*Try it*:
Find the word "blocks" in the listing; pull out each line holding it.

*Task material*:
....
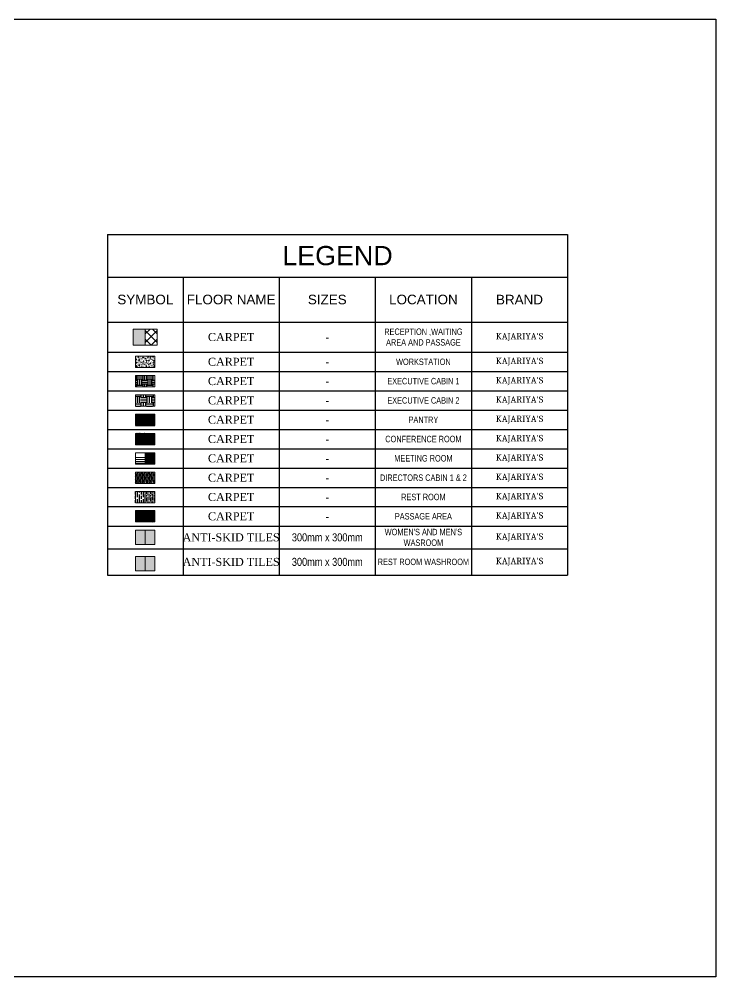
# Model space of a CAD drawing. Header units: millimetres. Extents: x 86441 to 190201, y 16532 to 98188.
# Drawn here: x 176743 to 190201, y 79545 to 98048 of the extents above; entities that cross this region are included whole.
import ezdxf

# ---------------------------------------------------------------- set-up
doc = ezdxf.new("R2010")
doc.units = ezdxf.units.MM
doc.header["$LTSCALE"] = 0.1
doc.styles.get("Standard").update_dxf_attribs({"font": 'arial.ttf'})
pattern_1 = [(0, (118606.585, 82747.996), (0, 24.754184), [])]

# ---------------------------------------------------------------- blocks, each defined once
blk = doc.blocks.new('*T169')
at = {"color": 0, "linetype": 'ByBlock', "lineweight": -2, "transparency": 16777216}
for p, q in [((0, 0), (8887, 0)), ((0, 0), (0, -6582)), ((8887, 0), (8887, -6582)), ((0, -827), (8887, -827)), ((1461, -827), (1461, -6582)), ((3318, -827), (3318, -6582)), ((5174, -827), (5174, -6582)), ((7031, -827), (7031, -6582)), ((0, -1694), (8887, -1694)), ((0, -2276), (8887, -2276)), ((0, -2649), (8887, -2649)), ((0, -3022), (8887, -3022)), ((0, -3396), (8887, -3396)), ((0, -3769), (8887, -3769)), ((0, -4142), (8887, -4142)), ((0, -4515), (8887, -4515)), ((0, -4888), (8887, -4888)), ((0, -5261), (8887, -5261)), ((0, -5635), (8887, -5635)), ((0, -6076), (8887, -6076)), ((0, -6582), (8887, -6582))]:
    blk.add_line(p, q, dxfattribs=at)
at = {"color": 0, "transparency": 16777216, "attachment_point": 5}
for s, insert, char_height, width in [('LEGEND', (4444, -413), 371.3, 8885.59), ('SYMBOL', (731, -1260), 185.7, 1459.34), ('FLOOR NAME', (2389, -1260), 185.7, 1854.71), ('SIZES', (4246, -1260), 185.7, 1854.71), ('LOCATION', (6103, -1260), 185.7, 1854.71), ('BRAND', (7959, -1260), 185.7, 1854.71), ('{\\fArial Narrow|b0|i0|c0|p34;RECEPTION ,WAITING AREA AND PASSAGE}', (6103, -1985), 123.77, 1854.71), ('{\\fBook Antiqua|b0|i0|c0|p18;CARPET}', (2389, -1985), 154.71, 1854.71), ('{\\fBahnschrift Light Condensed|b0|i0|c0|p34;-}', (4246, -1985), 185.66, 1854.71), ("{\\fCambria Math|b0|i0|c0|p18;KAJARIYA'S}", (7959, -1985), 123.77, 1854.71), ('{\\fBook Antiqua|b0|i0|c0|p18;CARPET}', (2389, -2463), 154.71, 1854.71), ('{\\fArial Narrow|b0|i0|c0|p34;WORKSTATION}', (6103, -2463), 123.77, 1854.71), ("{\\fCambria Math|b0|i0|c0|p18;KAJARIYA'S}", (7959, -2463), 123.77, 1854.71), ('{\\fBahnschrift Light Condensed|b0|i0|c0|p34;-}', (4246, -2463), 185.66, 1854.71), ('{\\fBook Antiqua|b0|i0|c0|p18;CARPET}', (2389, -2836), 154.71, 1854.71), ('{\\fArial Narrow|b0|i0|c0|p34;EXECUTIVE CABIN 1}', (6103, -2836), 123.77, 1854.71), ("{\\fCambria Math|b0|i0|c0|p18;KAJARIYA'S}", (7959, -2836), 123.77, 1854.71), ('{\\fBahnschrift Light Condensed|b0|i0|c0|p34;-}', (4246, -2836), 185.66, 1854.71), ('{\\fBook Antiqua|b0|i0|c0|p18;CARPET}', (2389, -3209), 154.71, 1854.71), ('{\\fArial Narrow|b0|i0|c0|p34;EXECUTIVE CABIN 2}', (6103, -3209), 123.77, 1854.71), ("{\\fCambria Math|b0|i0|c0|p18;KAJARIYA'S}", (7959, -3209), 123.77, 1854.71), ('{\\fBahnschrift Light Condensed|b0|i0|c0|p34;-}', (4246, -3209), 185.66, 1854.71), ('{\\fBook Antiqua|b0|i0|c0|p18;CARPET}', (2389, -3582), 154.71, 1854.71), ("{\\fCambria Math|b0|i0|c0|p18;KAJARIYA'S}", (7959, -3582), 123.77, 1854.71), ('{\\fBahnschrift Light Condensed|b0|i0|c0|p34;-}', (4246, -3582), 185.66, 1854.71), ('{\\fArial Narrow|b0|i0|c0|p34;PANTRY}', (6103, -3582), 123.77, 1854.71), ('{\\fBook Antiqua|b0|i0|c0|p18;CARPET}', (2389, -3955), 154.71, 1854.71), ("{\\fCambria Math|b0|i0|c0|p18;KAJARIYA'S}", (7959, -3955), 123.77, 1854.71), ('{\\fBahnschrift Light Condensed|b0|i0|c0|p34;-}', (4246, -3955), 185.66, 1854.71), ('{\\fArial Narrow|b0|i0|c0|p34;CONFERENCE ROOM}', (6103, -3955), 123.77, 1854.71), ('{\\fBook Antiqua|b0|i0|c0|p18;CARPET}', (2389, -4328), 154.71, 1854.71), ("{\\fCambria Math|b0|i0|c0|p18;KAJARIYA'S}", (7959, -4328), 123.77, 1854.71), ('{\\fBahnschrift Light Condensed|b0|i0|c0|p34;-}', (4246, -4328), 185.66, 1854.71), ('{\\fArial Narrow|b0|i0|c0|p34;MEETING ROOM}', (6103, -4328), 123.77, 1854.71), ('{\\fBook Antiqua|b0|i0|c0|p18;CARPET}', (2389, -4702), 154.71, 1854.71), ("{\\fCambria Math|b0|i0|c0|p18;KAJARIYA'S}", (7959, -4702), 123.77, 1854.71), ('{\\fBahnschrift Light Condensed|b0|i0|c0|p34;-}', (4246, -4702), 185.66, 1854.71), ('{\\fArial Narrow|b0|i0|c0|p34;DIRECTORS CABIN 1 & 2}', (6103, -4702), 123.77, 1854.71), ('{\\fBook Antiqua|b0|i0|c0|p18;CARPET}', (2389, -5075), 154.71, 1854.71), ("{\\fCambria Math|b0|i0|c0|p18;KAJARIYA'S}", (7959, -5075), 123.77, 1854.71), ('{\\fBahnschrift Light Condensed|b0|i0|c0|p34;-}', (4246, -5075), 185.66, 1854.71), ('{\\fArial Narrow|b0|i0|c0|p34;REST ROOM}', (6103, -5075), 123.77, 1854.71), ('{\\fBook Antiqua|b0|i0|c0|p18;CARPET}', (2389, -5448), 154.71, 1854.71), ('{\\fBahnschrift Light Condensed|b0|i0|c0|p34;-}', (4246, -5448), 185.66, 1854.71), ('{\\fArial Narrow|b0|i0|c0|p34;PASSAGE AREA}', (6103, -5448), 123.77, 1854.71), ("{\\fCambria Math|b0|i0|c0|p18;KAJARIYA'S}", (7959, -5448), 123.77, 1854.71), ("{\\fArial Narrow|b0|i0|c0|p34;WOMEN'S AND MEN'S WASROOM}", (6103, -5855), 123.77, 1854.71), ('{\\fBook Antiqua|b0|i0|c0|p18;ANTI-SKID TILES}', (2389, -5855), 154.71, 1854.71), ('{\\fBahnschrift Light Condensed|b0|i0|c0|p34;300mm x 300mm}', (4246, -5855), 154.71, 1854.71), ("{\\fCambria Math|b0|i0|c0|p18;KAJARIYA'S}", (7959, -5855), 123.77, 1854.71), ('{\\fBook Antiqua|b0|i0|c0|p18;ANTI-SKID TILES}', (2389, -6329), 154.71, 1854.71), ('{\\fBahnschrift Light Condensed|b0|i0|c0|p34;300mm x 300mm}', (4246, -6329), 154.71, 1854.71), ('{\\fArial Narrow|b0|i0|c0|p34;REST ROOM WASHROOM}', (6103, -6329), 123.77, 1854.71), ("{\\fCambria Math|b0|i0|c0|p18;KAJARIYA'S}", (7959, -6329), 123.77, 1854.71)]:
    blk.add_mtext(s, dxfattribs=dict(at, insert=insert, char_height=char_height, width=width))

msp = doc.modelspace()

# ---------------------------------------------------------------- hatches: boundary and pattern name
at = {"true_color": 0xc7c8ca, "transparency": 33554687}
h = msp.add_hatch(color=9, dxfattribs=at)
h.dxf.hatch_style = 1
h.paths.add_polyline_path([(179180, 92061), (178948, 92061), (178948, 91750), (179180, 91750)])
h = msp.add_hatch(dxfattribs=at)
h.set_pattern_fill('ANSI37', color=9, scale=37.131276)
h.set_pattern_definition([(45, (118606.58, 82748), (-83.3621, 83.3621), []), (135, (118606.58, 82748), (-83.3621, -83.3621), [])])
h.paths.add_polyline_path([(179411, 92061), (179180, 92061), (179180, 91750), (179411, 91750)])
at = {"true_color": 0xa19859, "transparency": 33554687}
h = msp.add_hatch(dxfattribs=at)
h.set_pattern_fill('AR-CONC', color=55, scale=0.309427, angle=45)
h.set_pattern_definition([(95, (95187.845, 71971.796), (43.34911, 36.374225), [5.89459, -64.84049]), (40, (95187.845, 71971.796), (-49.514078, 34.091687), [4.715672, -51.872573]), (145.451445, (95191.457, 71974.83), (-6.164967, 70.46591), [5.00963, -55.105983]), (91.1842, (95176.73, 71982.91), (68.510373, 50.112807), [8.841885, -97.260736]), (141.63556, (95182.44, 71987.09), (-2.19279, 106.07996), [7.51445, -82.65905]), (36.18415, (95176.73, 71982.91), (-2.19279, 106.07996), [7.0735, -77.808506]), (66, (95185.066, 71985.69), (55.548382, 10.797512), [5.89459, -64.84049]), (11, (95185.066, 71985.69), (-26.777816, 53.822154), [4.715672, -51.872392]), (116.451445, (95189.695, 71986.59), (28.770566, 64.619665), [5.00963, -55.10589]), (82.5, (95187.845, 71971.796), (-17.8247047, 19.176266), [0, -51.243636, 0, -52.658338, 0, -52.068879]), (52.5, (95187.845, 71971.796), (-7.299306, 36.5393415), [0, -30.023112, 0, -50.064718, 0, -19.84512]), (12.5, (95175.451, 71959.403), (30.9204087, 28.4135316), [0, -19.648633, 0, -61.303736, 0, -81.345342]), (2.5, (95169.894, 71953.846), (26.84712, 37.973658), [0, -25.543223, 0, -40.711969, 0, -57.766982])])
h.paths.add_polyline_path([(179366, 91318), (179366, 91537), (178993, 91537), (178993, 91318)])
at = {"true_color": 0xa9420f, "transparency": 33554687}
h = msp.add_hatch(dxfattribs=at)
h.set_pattern_fill('EARTH', color=34, scale=15.471365)
h.set_pattern_definition([(0, (118606.58, 82748), (98.24317, 98.24317), [98.24317, -98.24317]), (0, (118606.58, 82784.84), (98.24317, 98.24317), [98.24317, -98.24317]), (0, (118606.58, 82821.68), (98.24317, 98.24317), [98.24317, -98.24317]), (90, (118618.87, 82833.96), (-98.24317, 98.24317), [98.24317, -98.24317]), (90, (118655.71, 82833.96), (-98.24317, 98.24317), [98.24317, -98.24317]), (90, (118692.55, 82833.96), (-98.24317, 98.24317), [98.24317, -98.24317])])
h.paths.add_polyline_path([(179366, 91164), (178993, 91164), (178993, 90945), (179366, 90945)])
at = {"true_color": 0x4e554b, "transparency": 33554687}
h = msp.add_hatch(dxfattribs=at)
h.set_pattern_fill('EARTH', color=251, scale=18.565638)
h.set_pattern_definition([(0, (118606.58, 82748), (117.8918, 117.8918), [117.8918, -117.8918]), (0, (118606.58, 82792.2), (117.8918, 117.8918), [117.8918, -117.8918]), (0, (118606.58, 82836.41), (117.8918, 117.8918), [117.8918, -117.8918]), (90, (118621.32, 82851.15), (-117.8918, 117.8918), [117.8918, -117.8918]), (90, (118665.53, 82851.15), (-117.8918, 117.8918), [117.8918, -117.8918]), (90, (118709.74, 82851.15), (-117.8918, 117.8918), [117.8918, -117.8918])])
h.paths.add_polyline_path([(179366, 90791), (178993, 90791), (178993, 90572), (179366, 90572)])
at = {"true_color": 0xc7c8ca, "transparency": 33554687}
h = msp.add_hatch(dxfattribs=at)
h.set_pattern_fill('_USER', color=9, scale=24.754184, pattern_type=0)
h.set_pattern_definition(pattern_1)
h.paths.add_polyline_path([(179180, 90418), (178993, 90418), (178993, 90199), (179180, 90199)])
at = {"true_color": 0x000000, "transparency": 33554687}
h = msp.add_hatch(dxfattribs=at)
h.set_pattern_fill('_USER', color=18, scale=24.754184, pattern_type=0)
h.set_pattern_definition(pattern_1)
h.paths.add_polyline_path([(179366, 90418), (179180, 90418), (179180, 90199), (179366, 90199)])
at = {"true_color": 0x65502f, "transparency": 33554687}
h = msp.add_hatch(dxfattribs=at)
h.set_pattern_fill('ANSI38', color=59, scale=3)
h.set_pattern_definition([(45, (64319.126, 59517.099), (-6.7351921, 6.7351921), []), (135, (64319.126, 59517.099), (-20.2055763, 6.7351921), [23.8125, -14.2875])])
h.paths.add_polyline_path([(179180, 90045), (178993, 90045), (178993, 89826), (179180, 89826)])
at = {"true_color": 0x242b7a, "transparency": 33554687}
h = msp.add_hatch(dxfattribs=at)
h.set_pattern_fill('_USER', color=177, scale=15, pattern_type=0)
h.set_pattern_definition([(0, (64319.126, 59517.099), (0, 15), [])])
h.paths.add_polyline_path([(179366, 90045), (179180, 90045), (179180, 89826), (179366, 89826)])
at = {"true_color": 0x66682c, "transparency": 33554687}
h = msp.add_hatch(dxfattribs=at)
h.set_pattern_fill('ANSI34', color=77, scale=12.377092, angle=136)
h.set_pattern_definition([(181, (118606.58, 82748), (4.115, -235.7477), []), (181, (118566.6, 82786.6), (4.115, -235.7477), []), (181, (118526.63, 82825.2), (4.115, -235.7477), []), (181, (118486.65, 82863.81), (4.115, -235.7477), [])])
h.paths.add_polyline_path([(179180, 89671), (178993, 89671), (178993, 89452), (179180, 89452)])
at = {"true_color": 0x000000, "transparency": 33554687}
h = msp.add_hatch(color=18, dxfattribs=at)
h.dxf.hatch_style = 1
h.paths.add_polyline_path([(179366, 89671), (179180, 89671), (179180, 89452), (179366, 89452)])
at = {"true_color": 0x004a5e, "transparency": 33554572}
h = msp.add_hatch(dxfattribs=at)
h.set_pattern_fill('NET3', color=138, scale=18.565638)
h.set_pattern_definition([(0, (95187.845, 71971.796), (0, 58.9459), []), (60, (95187.845, 71971.796), (-51.048647, 29.47295), []), (120, (95187.845, 71971.796), (-51.048647, -29.47295), [])])
h.paths.add_polyline_path([(179366, 89298), (178993, 89298), (178993, 89079), (179366, 89079)])
at = {"true_color": 0xffffff, "transparency": 33554610}
h = msp.add_hatch(dxfattribs=at)
h.set_pattern_fill('GOST_WOOD', scale=18.565638)
h.set_pattern_definition([(90, (95187.84, 71971.8), (111.39383, -7e-15), [185.65638, -37.13128]), (90, (95224.98, 71934.67), (111.39383, -7e-15), [111.39383, -27.84846, 55.69691, -27.84846]), (90, (95262.11, 71878.97), (111.39383, -7e-15), [185.65638, -37.13128])])
h.paths.add_polyline_path([(179180, 88925), (178993, 88925), (178993, 88706), (179180, 88706)])
at = {"lineweight": 0, "true_color": 0x636466, "transparency": 33554687}
h = msp.add_hatch(dxfattribs=at)
h.set_pattern_fill('GOST_WOOD', color=251, scale=12.377092)
h.set_pattern_definition([(90, (95187.845, 71971.8), (74.26255, -5e-15), [123.77092, -24.75418]), (90, (95212.6, 71947.04), (74.26255, -5e-15), [74.26255, -18.56564, 37.131276, -18.56564]), (90, (95237.35, 71909.91), (74.26255, -5e-15), [123.77092, -24.75418])])
h.paths.add_polyline_path([(179366, 88925), (179180, 88925), (179180, 88706), (179366, 88706)])
at = {"true_color": 0x939598, "transparency": 33554687}
h = msp.add_hatch(dxfattribs=at)
h.set_pattern_fill('ANSI32', color=252, scale=0.618855)
h.set_pattern_definition([(45, (118606.585, 82747.996), (-4.1681046, 4.1681046), []), (45, (118609.3636, 82747.996), (-4.1681046, 4.1681046), [])])
h.paths.add_polyline_path([(179366, 88552), (178993, 88552), (178993, 88333), (179366, 88333)])
at = {"transparency": 33554687}
h = msp.add_hatch(color=7, dxfattribs=at)
h.dxf.hatch_style = 1
h.paths.add_polyline_path([(179180, 88173), (178993, 88173), (178993, 87897), (179180, 87897)])
at = {"true_color": 0xffffff, "transparency": 33554623}
h = msp.add_hatch(color=7, dxfattribs=at)
h.dxf.hatch_style = 1
h.paths.add_polyline_path([(179366, 88173), (179180, 88173), (179180, 87897), (179366, 87897)])
at = {"lineweight": 0, "true_color": 0x939598, "transparency": 33554658}
h = msp.add_hatch(color=252, dxfattribs=at)
h.dxf.hatch_style = 1
h.paths.add_polyline_path([(179180, 87667), (178993, 87667), (178993, 87391), (179180, 87391)])
at = {"true_color": 0x000000, "transparency": 33554687}
h = msp.add_hatch(color=18, dxfattribs=at)
h.dxf.hatch_style = 1
h.paths.add_polyline_path([(179366, 87667), (179180, 87667), (179180, 87391), (179366, 87391)])

# ---------------------------------------------------------------- linework, layer by layer
at = {"lineweight": 0, "transparency": 33554687}
for p, q in [((179180, 92061), (179180, 91750)), ((179180, 90418), (179180, 90199)), ((179180, 90045), (179180, 89826)), ((179180, 89671), (179180, 89452)), ((179180, 88925), (179180, 88706)), ((179180, 88173), (179180, 87897)), ((179180, 87667), (179180, 87391))]:
    msp.add_line(p, q, dxfattribs=at)
at = {"transparency": 33554687}
msp.add_lwpolyline([(150761, 98048), (190201, 98048), (190201, 79545), (150761, 79545)], close=True, dxfattribs=at)
at = {"lineweight": 5, "transparency": 33554687}
for points in [[(178948, 92061), (179411, 92061), (179411, 91750), (178948, 91750)], [(178993, 91537), (179366, 91537), (179366, 91318), (178993, 91318)], [(178993, 91164), (179366, 91164), (179366, 90945), (178993, 90945)], [(178993, 90791), (179366, 90791), (179366, 90572), (178993, 90572)], [(178993, 90418), (179366, 90418), (179366, 90199), (178993, 90199)], [(178993, 90045), (179366, 90045), (179366, 89826), (178993, 89826)], [(178993, 89671), (179366, 89671), (179366, 89452), (178993, 89452)], [(178993, 89298), (179366, 89298), (179366, 89079), (178993, 89079)], [(178993, 88925), (179366, 88925), (179366, 88706), (178993, 88706)], [(178993, 88552), (179366, 88552), (179366, 88333), (178993, 88333)], [(178993, 88173), (179366, 88173), (179366, 87897), (178993, 87897)], [(178993, 87667), (179366, 87667), (179366, 87391), (178993, 87391)]]:
    msp.add_lwpolyline(points, close=True, dxfattribs=at)

# ---------------------------------------------------------------- block references
msp.add_blockref('*T169', (178449, 93890))

doc.saveas('drawing.dxf')
....
*Answer to this task*:
# ---------------------------------------------------------------- blocks, each defined once
blk = doc.blocks.new('*T169')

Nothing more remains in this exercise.